### Input:
____________

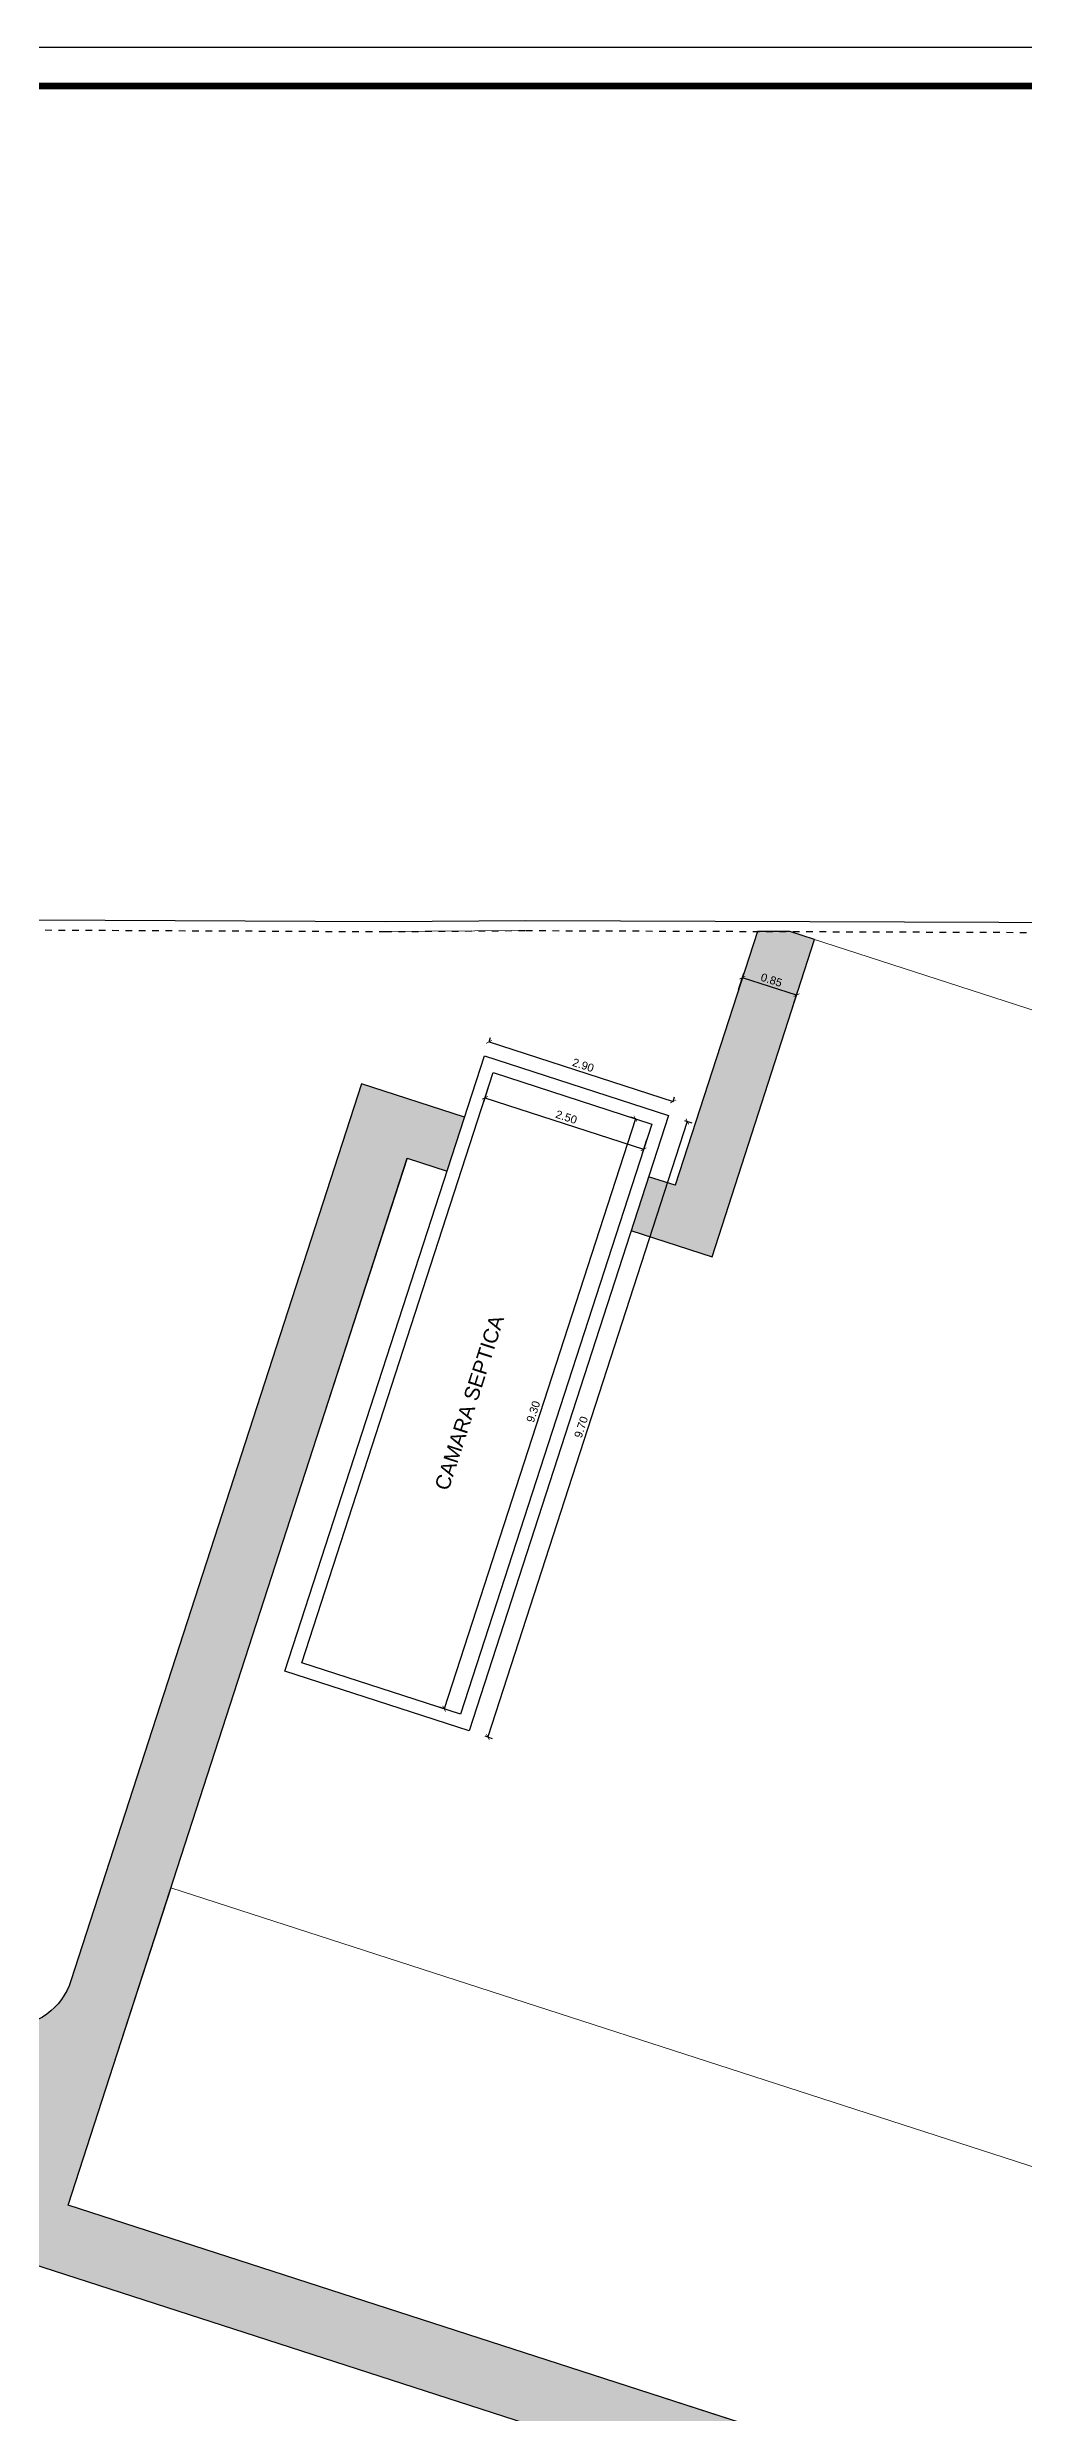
# Model space of a CAD drawing. Header units: feet. Extents: x 317 to 512, y -141 to 162.
# Drawn here: x 430.9 to 445.53, y 126.9 to 162.37 of the extents above; entities that cross this region are included whole.
import ezdxf

# ---------------------------------------------------------------- set-up
doc = ezdxf.new("R2010")
doc.units = ezdxf.units.FT
doc.header["$MEASUREMENT"] = 0
doc.linetypes.add('DASHDOT', pattern=[1, 0.5, -0.25, 0, -0.25])
for name, color, linetype, lineweight in [('A-GENM', 8, 'Continuous', 9), ('arq-pisos', 251, 'Continuous', 5), ('Dimension', 7, 'Continuous', 5)]:
    doc.layers.add(name, color=color, linetype=linetype, lineweight=lineweight)
for name, color, linetype in [('DIM', 10, 'Continuous'), ('MARCO', 1, 'Continuous'), ('PERT-VENT', 8, 'Continuous'), ('SOLAR', 7, 'DASHDOT'), ('TEXXT', 2, 'Continuous')]:
    doc.layers.add(name, color=color, linetype=linetype)
doc.styles.add('DAMIAN', font='arial.ttf', dxfattribs={"height": 0.12})
doc.styles.get("Standard").update_dxf_attribs({"font": 'arial.ttf'})
doc.dimstyles.new('KEILY', dxfattribs={"dimtxt": 0.12, "dimasz": 0.07, "dimexe": 0.07, "dimexo": 0.25, "dimgap": 0.04, "dimtad": 1, "dimzin": 1, "dimdsep": 46, "dimtxsty": 'Standard', "dimblk": 'ARCHTICK', "dimcen": 2.5, "dimclrd": 256, "dimclre": 256, "dimclrt": 7, "dimazin": 0, "dimtfac": 1, "dimtix": 1, "dimtmove": 2, "dimatfit": 1, "dimfxl": 0.35, "dimfxlon": 1, "dimtolj": 1, "dimtzin": 1, "dimarcsym": 0})

# ---------------------------------------------------------------- blocks, each defined once
blk = doc.blocks.new('_ArchTick')
at = {"color": 0, "linetype": 'ByBlock', "const_width": 0.15}
blk.add_lwpolyline([(-0.5, -0.5), (0.5, 0.5)], dxfattribs=at)
blk = doc.blocks.new('*D197')
at = {"layer": 'DEFPOINTS', "color": 0, "transparency": 16777216}
for p in [(441.3141221076203, 148.4166349459348), (441.1796123979494, 148.0012506771945), (441.988587339574, 147.7311685804085)]:
    blk.add_point(p, dxfattribs=at)
at = {"layer": 'DIM', "lineweight": -2, "transparency": 16777216}
for p, q in [((441.2566300190853, 148.2390915610529), (441.3356870415383, 148.4832303934152)), ((442.1254768802462, 148.1539020907959), (441.3141221076203, 148.4166349459348)), ((442.0656049607098, 147.969009464267), (442.1470418141643, 148.2204975382762))]:
    blk.add_line(p, q, dxfattribs=at)
at = {"layer": 'DIM', "lineweight": -2, "transparency": 16777216, "xscale": 0.07, "yscale": 0.07, "zscale": 0.07}
for p, rotation in [((441.3141221076203, 148.4166349459348), 162.0570126603538), ((442.1254768802462, 148.1539020907959), 342.0570126603538)]:
    blk.add_blockref('_ArchTick', p, dxfattribs=dict(at, rotation=rotation))
at = {"layer": 'DIM', "color": 7, "transparency": 16777216, "insert": (441.7509974094417, 148.3816119225062), "char_height": 0.12, "attachment_point": 5, "rotation": 342.05701266035385}
blk.add_mtext('\\A1;0.85', dxfattribs=at)
blk = doc.blocks.new('*D215')
at = {"layer": 'DEFPOINTS', "color": 0, "transparency": 16777216}
for p in [(437.5790887283482, 146.9926697873389), (439.9574237978928, 146.2222658043706), (439.8351035021785, 145.8446474957354)]:
    blk.add_point(p, dxfattribs=at)
at = {"layer": 'DIM', "lineweight": -2, "transparency": 16777216}
for p, q in [((437.5020483300514, 146.7548362803844), (437.4351971211108, 146.5484580967565)), ((437.4567684326339, 146.6150514787037), (439.8351035021785, 145.8446474957354)), ((439.880383399596, 145.9844322974161), (439.8135321906555, 145.7780541137882))]:
    blk.add_line(p, q, dxfattribs=at)
at = {"layer": 'DIM', "lineweight": -2, "transparency": 16777216, "xscale": 0.07, "yscale": 0.07, "zscale": 0.07}
for p, rotation in [((437.4567684326339, 146.6150514787037), 162.0515255657568), ((439.8351035021785, 145.8446474957354), 342.0515255657568)]:
    blk.add_blockref('_ArchTick', p, dxfattribs=dict(at, rotation=rotation))
at = {"layer": 'DIM', "color": 7, "transparency": 16777216, "insert": (438.6771431093739, 146.3261899031608), "char_height": 0.12, "attachment_point": 5, "rotation": 342.05152556575683}
blk.add_mtext('\\A1;2.50', dxfattribs=at)
blk = doc.blocks.new('*D216')
at = {"layer": 'DEFPOINTS', "color": 0, "transparency": 16777216}
for p in [(437.4504542414219, 147.2445689115399), (440.2773417897787, 146.5608831859623), (440.2093229220939, 146.3509002912967)]:
    blk.add_point(p, dxfattribs=at)
at = {"layer": 'DIM', "lineweight": -2, "transparency": 16777216}
for p, q in [((437.5184731091068, 147.4545518062055), (437.5400444206299, 147.5211451881528)), ((437.5184731091068, 147.4545518062055), (440.2773417897787, 146.5608831859623)), ((440.2773417897787, 146.5608831859623), (440.2989131013018, 146.6274765679096))]:
    blk.add_line(p, q, dxfattribs=at)
at = {"layer": 'DIM', "lineweight": -2, "transparency": 16777216, "xscale": 0.07, "yscale": 0.07, "zscale": 0.07}
for p, rotation in [((437.5184731091068, 147.4545518062055), 162.0515255657574), ((440.2773417897787, 146.5608831859623), 342.0515255657574)]:
    blk.add_blockref('_ArchTick', p, dxfattribs=dict(at, rotation=rotation))
at = {"layer": 'DIM', "color": 7, "transparency": 16777216, "insert": (438.9291145914104, 147.1040579120252), "char_height": 0.12, "attachment_point": 5, "rotation": 342.0515255657574}
blk.add_mtext('\\A1;2.90', dxfattribs=at)
blk = doc.blocks.new('*D217')
at = {"layer": 'DEFPOINTS', "color": 0, "transparency": 16777216}
for p in [(439.9574237978928, 146.2222658043706), (436.8453131142526, 137.4546124148603), (437.0915209812506, 137.374859345664)]:
    blk.add_point(p, dxfattribs=at)
at = {"layer": 'DIM', "lineweight": -2, "transparency": 16777216}
for p, q in [((439.7112159308948, 146.3020188735669), (436.8453131142526, 137.4546124148603)), ((439.7195902909383, 146.2993062026674), (439.6446225489475, 146.32359018509)), ((436.8536874742961, 137.4518997439609), (436.7787197323053, 137.4761837263835))]:
    blk.add_line(p, q, dxfattribs=at)
at = {"layer": 'DIM', "lineweight": -2, "transparency": 16777216, "xscale": 0.07, "yscale": 0.07, "zscale": 0.07}
for p, rotation in [((439.7112159308948, 146.3020188735669), 72.05152556575652), ((436.8453131142526, 137.4546124148603), 252.0515255657565)]:
    blk.add_blockref('_ArchTick', p, dxfattribs=dict(at, rotation=rotation))
at = {"layer": 'DIM', "color": 7, "transparency": 16777216, "insert": (438.1818851707241, 141.9095353985248), "char_height": 0.12, "attachment_point": 5, "rotation": 72.0515255657565}
blk.add_mtext('\\A1;9.30', dxfattribs=at)
blk = doc.blocks.new('*D218')
at = {"layer": 'DEFPOINTS', "color": 0, "transparency": 16777216}
for p in [(440.2093229220937, 146.3509002912967), (437.2201554681767, 137.122960221463), (437.5001574270771, 137.0322603755338)]:
    blk.add_point(p, dxfattribs=at)
at = {"layer": 'DIM', "lineweight": -2, "transparency": 16777216}
for p, q in [((440.4893248809941, 146.2602004453675), (437.5001574270771, 137.0322603755338)), ((440.4471564290482, 146.2738598929999), (440.5559182629414, 146.2386291338444)), ((437.4579889751312, 137.0459198231662), (437.5667508090243, 137.0106890640106))]:
    blk.add_line(p, q, dxfattribs=at)
at = {"layer": 'DIM', "lineweight": -2, "transparency": 16777216, "xscale": 0.07, "yscale": 0.07, "zscale": 0.07}
for p, rotation in [((440.4893248809941, 146.2602004453675), 72.05152556575715), ((437.5001574270771, 137.0322603755338), 252.0515255657571)]:
    blk.add_blockref('_ArchTick', p, dxfattribs=dict(at, rotation=rotation))
at = {"layer": 'DIM', "color": 7, "transparency": 16777216, "insert": (438.8984007380944, 141.6774375524183), "char_height": 0.12, "attachment_point": 5, "rotation": 72.05152556575712}
blk.add_mtext('\\A1;9.70', dxfattribs=at)

msp = doc.modelspace()

# ---------------------------------------------------------------- hatches: boundary and pattern name
at = {"layer": 'arq-pisos'}
h = msp.add_hatch(dxfattribs=at)
h.set_pattern_fill('AR-HBONE', color=256, scale=0.06, angle=90)
h.set_pattern_definition([(135, (190.1129225701869, 445.85431629648), (-0.3394112549695428, 4.742829794065559e-17), [0.72, -0.24]), (225, (189.9432169426868, 446.02402192398), (-0.3394112549695428, 4.742829794065559e-17), [0.72, -0.24])])
edge = h.paths.add_edge_path()
edge.add_line((436.8904165264154, 145.5156612639754), (437.1523538818255, 146.3242951913282))
edge.add_line((437.1523538818255, 146.3242951913282), (435.6094003774849, 146.8239343050905))
edge.add_line((435.6094003774849, 146.8239343050905), (431.2543585318193, 133.3749730603992))
edge.add_arc((430.3029949963856, 133.6830435449423), 0.9999999999997952, 270.0736793270353, 342.05701266037926, ccw=False)
edge.add_line((430.3042809428786, 132.683044371772), (420.4986871680273, 132.6704348924184))
edge.add_line((420.4986871680273, 132.6704348924184), (420.4986871680281, 135.8398533748971))
edge.add_line((420.4986871680281, 135.8398533748971), (418.4946140484765, 135.8372762419663))
edge.add_line((418.4946140484765, 135.8372762419663), (418.4986916043322, 132.6664192070187))
edge.add_line((418.4986916043322, 132.6664192070187), (413.7854527848465, 132.6603582290761))
edge.add_line((413.7854527848465, 132.6603582290761), (404.2243152600786, 138.8382624576166))
edge.add_line((404.2243152600786, 138.8382624576166), (403.9929504271445, 136.8516899535072))
edge.add_line((403.9929504271445, 136.8516899535072), (412.5546749199366, 131.3195538650345))
edge.add_arc((413.0973864908951, 132.1594729984915), 0.9999999999996498, 237.1315812994208, 270.0736793270483)
edge.add_line((413.0986724373884, 131.1594738253214), (413.7873835612291, 131.1589156757166))
edge.add_line((413.7873835612291, 131.1589156757166), (420.9640332392656, 131.1681444708332))
edge.add_line((420.9640332392656, 131.1681444708332), (420.9640313826227, 131.1695882644372))
edge.add_line((420.9640313826227, 131.1695882644372), (429.4601207859621, 131.1805137898443))
edge.add_line((429.4601207859621, 131.1805137898443), (429.6472589590039, 130.0365929028455))
edge.add_arc((430.6341402617469, 130.1980403998741), 1.000000000000312, 189.2909241103326, 252.057012660364)
edge.add_line((430.3260697772034, 129.2466768644399), (449.3641231089705, 123.0817755452031))
edge.add_line((449.3641231089705, 123.0817755452031), (449.6721935935118, 124.0331390806307))
edge.add_line((449.6721935935118, 124.0331390806307), (431.2106417644034, 130.0113577169145))
edge.add_line((431.2106417644034, 130.0113577169145), (436.2938047593664, 145.7088560515759))
edge.add_line((436.2938047593664, 145.7088560515759), (436.8904165264154, 145.5156612639754))
h.paths.add_polyline_path([(439.9070147455336, 145.4322810711447), (439.6450773901235, 144.6236471437919), (440.8628993502945, 144.2292921076951), (442.3930532896269, 148.9894122571582), (442.0252559796824, 149.1085123606078), (441.5388316032183, 149.110568415397), (440.3059017736538, 145.3031134969692)])

# ---------------------------------------------------------------- linework, layer by layer
at = {"layer": 'A-GENM'}
for p, q in [((441.5388316032183, 149.110568415397), (440.3059017736538, 145.3031134969692)), ((435.6094003774849, 146.8239343050905), (431.2543585318193, 133.3749730603992)), ((437.1523538818255, 146.3242951913282), (435.6094003774849, 146.8239343050905)), ((436.2938047593664, 145.7088560515759), (434.7534523366501, 140.9520383744057)), ((436.2963543802118, 145.7080304335025), (434.7560019574955, 140.9512127563322)), ((440.3059017736538, 145.3031134969692), (439.9070147455336, 145.4322810711447)), ((431.2106417644034, 130.0113577169145), (434.7560019574955, 140.9512127563322)), ((431.2131913852489, 130.0105320988412), (432.7535438079648, 134.7673497760115)), ((431.2106417644037, 130.0113577169155), (449.6721935935118, 124.0331390806307)), ((430.3260697772035, 129.2466768644399), (449.3641231089687, 123.0817755451967))]:
    msp.add_line(p, q, dxfattribs=at)
at = {"layer": 'A-GENM', "extrusion": (7.747289611520934e-15, 7.318232333830082e-14, -1)}
msp.add_line((442.0252559796824, 149.1085123606078), (456.10798592495, 144.5482435712943), dxfattribs=at)
at = {"layer": 'A-GENM', "extrusion": (7.74728961152093e-15, 7.31823233383008e-14, -1)}
msp.add_line((432.7509941871193, 134.7681753940849), (451.2601141929996, 128.774553233573), dxfattribs=at)
at = {"layer": 'A-GENM'}
msp.add_arc((430.3029949963853, 133.6830435449424), 1, 270.0736793270418, 342.0570126603744, dxfattribs=at)
at = {"layer": 'DIM'}
for points in [[(439.6450773901234, 144.6236471437919), (440.8628993502945, 144.2292921076951), (442.3930532896269, 148.9894122571582), (442.0252559796824, 149.1085123606078), (441.5388316032183, 149.110568415397), (440.3059017736538, 145.3031134969692), (439.9070147455336, 145.4322810711447)], [(449.6721935935118, 124.0331390806307), (431.2106417644034, 130.0113577169145), (436.2938047593664, 145.7088560515759), (436.8904165264153, 145.5156612639755)]]:
    msp.add_lwpolyline(points, dxfattribs=at)
msp.add_lwpolyline([(437.1523538818255, 146.3242951913282), (435.6094003774849, 146.8239343050905), (431.2543585318193, 133.3749730603992, -0.3248392986090066), (430.3042809428786, 132.683044371772), (420.4986871680273, 132.6704348924184), (420.4986871680281, 135.8398533748971), (418.4946140484765, 135.8372762419663), (418.4986916043322, 132.6664192070187), (413.7854527848465, 132.6603582290761), (404.2243152600786, 138.8382624576166), (403.9929504271445, 136.8516899535072), (412.5546749199367, 131.3195538650345, 0.1447351525639104), (413.0986724373884, 131.1594738253214), (413.7873835612291, 131.1589156757166), (413.7921415632537, 127.4589187349859), (420.9687912412902, 127.4681475301026), (420.9640313826227, 131.1695882644372), (429.4601207859621, 131.1805137898443), (429.6472589590039, 130.0365929028455, 0.2809276722730288), (430.3260697772035, 129.2466768644399), (449.3641231089705, 123.0817755452031), (449.6721935935118, 124.0331390806307)], format="xyb", dxfattribs=at)
at = {"layer": 'Dimension'}
msp.add_line((435.9001578525697, 149.1070375444931), (438.0100955374899, 149.1232537633468), dxfattribs=at)
at = {"layer": 'MARCO'}
msp.add_lwpolyline([(387.5922231372305, 162.3673964251454), (473.5965231372305, 162.3673964251454), (473.5965231372305, 106.3645964251455), (387.5922231372305, 106.3645964251455)], close=True, dxfattribs=at)
at = {"layer": 'MARCO', "const_width": 0.100005}
msp.add_lwpolyline([(464.0327508787733, 161.7886584143366), (388.1709611480393, 161.7886584143366), (388.1709611480393, 106.9433344359543), (464.0327508787733, 106.9433344359543)], close=True, dxfattribs=at)
at = {"layer": 'PERT-VENT'}
for points in [[(437.450454241422, 147.2445689115399), (440.2093229220939, 146.3509002912967), (437.2201554681768, 137.122960221463), (434.4612867875049, 138.0166288417062)], [(437.5790887283482, 146.9926697873389), (439.9574237978928, 146.2222658043706), (437.0915209812506, 137.374859345664), (434.713185911706, 138.1452633286323)]]:
    msp.add_lwpolyline(points, close=True, dxfattribs=at)
at = {"layer": 'SOLAR', "linetype": 'Continuous', "ltscale": 0.15}
msp.add_lwpolyline([(389.1448003668622, 129.3439547909002), (420.3049052338094, 125.7149140693949), (447.4241271810363, 122.5804766508848), (451.737221714097, 122.1099197996676), (451.6900277986464, 121.9641785732057), (447.4073816390987, 122.4314135193139), (420.2876828987964, 125.5659060455281), (388.9800072042045, 129.2121334470264), (391.1053302346335, 149.2883258975995), (398.8002723183424, 149.2892677124449), (412.4901849493303, 149.2909432757963), (425.4705451006573, 149.307635338214), (435.9599431393517, 149.2570476680418), (438.0697935572808, 149.273263216193), (450.8305589844535, 149.2265694185283), (460.5084893787504, 149.1967867160317), (460.4599645135808, 149.0469353359076)], dxfattribs=at)
at = {"layer": 'SOLAR', "ltscale": 0.03}
msp.add_lwpolyline([(451.7003307806357, 122.0384995537575), (447.4157544100678, 122.5059450850994), (420.2962940663029, 125.6404100574615), (389.1369043393567, 129.2693674620447), (391.2402907340698, 149.1383424148332), (398.8002906774443, 149.1392677135684), (412.4902905749042, 149.1409432876007), (425.4702798426569, 149.1576348730816), (435.9601578521202, 149.1070448881338), (438.0700955370404, 149.1232611069875), (450.8300101127734, 149.0765704227321), (460.4599645135808, 149.0469353359076), (451.7169241622444, 122.0472382002932)], dxfattribs=at)

# ---------------------------------------------------------------- texts
at = {"layer": 'TEXXT', "insert": (436.6980056709242, 140.7785268761263), "char_height": 0.2214576, "width": 3.435432, "attachment_point": 1, "rotation": 72.10671911787169, "style": 'DAMIAN'}
msp.add_mtext('CAMARA SEPTICA', dxfattribs=at)

# ---------------------------------------------------------------- dimensions: what is measured, and where the dimension line sits
at = {"layer": 'DIM'}
dim = msp.add_linear_dim(base=(441.3141221076203, 148.4166349459348), p1=(441.988587339574, 147.7311685804085), p2=(441.1796123979494, 148.0012506771944), angle=162.0570126603538, dimstyle='KEILY', dxfattribs=at)
dim.commit()
dim.dimension.update_dxf_attribs({"geometry": '*D197', "text_midpoint": (441.7509974094417, 148.3816119225062)})
for p1, p2, distance, picture, middle in [((437.450454241422, 147.2445689115399), (440.2093229220939, 146.3509002912967), 0.22072467558761302, '*D216', (438.9291145914104, 147.1040579120252)), ((437.5790887283482, 146.9926697873389), (439.9574237978928, 146.2222658043706), -0.39693556373817807, '*D215', (438.6771431093739, 146.3261899031608)), ((439.9574237978928, 146.2222658043706), (437.0915209812506, 137.374859345664), -0.258802754656794, '*D217', (438.1818851707241, 141.9095353985248)), ((440.2093229220939, 146.3509002912967), (437.2201554681768, 137.122960221463), 0.29432560038090844, '*D218', (438.8984007380944, 141.6774375524183))]:
    dim = msp.add_aligned_dim(p1=p1, p2=p2, distance=distance, dimstyle='KEILY', override={"dimfxl": 0.3}, dxfattribs=at)
    dim.commit()
    dim.dimension.update_dxf_attribs({"geometry": picture, "text_midpoint": middle})

doc.saveas('drawing.dxf')

____________

### Exercise requirements:
Your reply is to repeat, unchanged, the lines above running from the one with "doc.linetypes.add('DASHDOT', pattern=[1, 0.5, -0.25, 0, -0.25])" up to and including the one with "doc.layers.add(name, color=color, linetype=linetype)".

### The completed task:
doc.linetypes.add('DASHDOT', pattern=[1, 0.5, -0.25, 0, -0.25])
for name, color, linetype, lineweight in [('A-GENM', 8, 'Continuous', 9), ('arq-pisos', 251, 'Continuous', 5), ('Dimension', 7, 'Continuous', 5)]:
    doc.layers.add(name, color=color, linetype=linetype, lineweight=lineweight)
for name, color, linetype in [('DIM', 10, 'Continuous'), ('MARCO', 1, 'Continuous'), ('PERT-VENT', 8, 'Continuous'), ('SOLAR', 7, 'DASHDOT'), ('TEXXT', 2, 'Continuous')]:
    doc.layers.add(name, color=color, linetype=linetype)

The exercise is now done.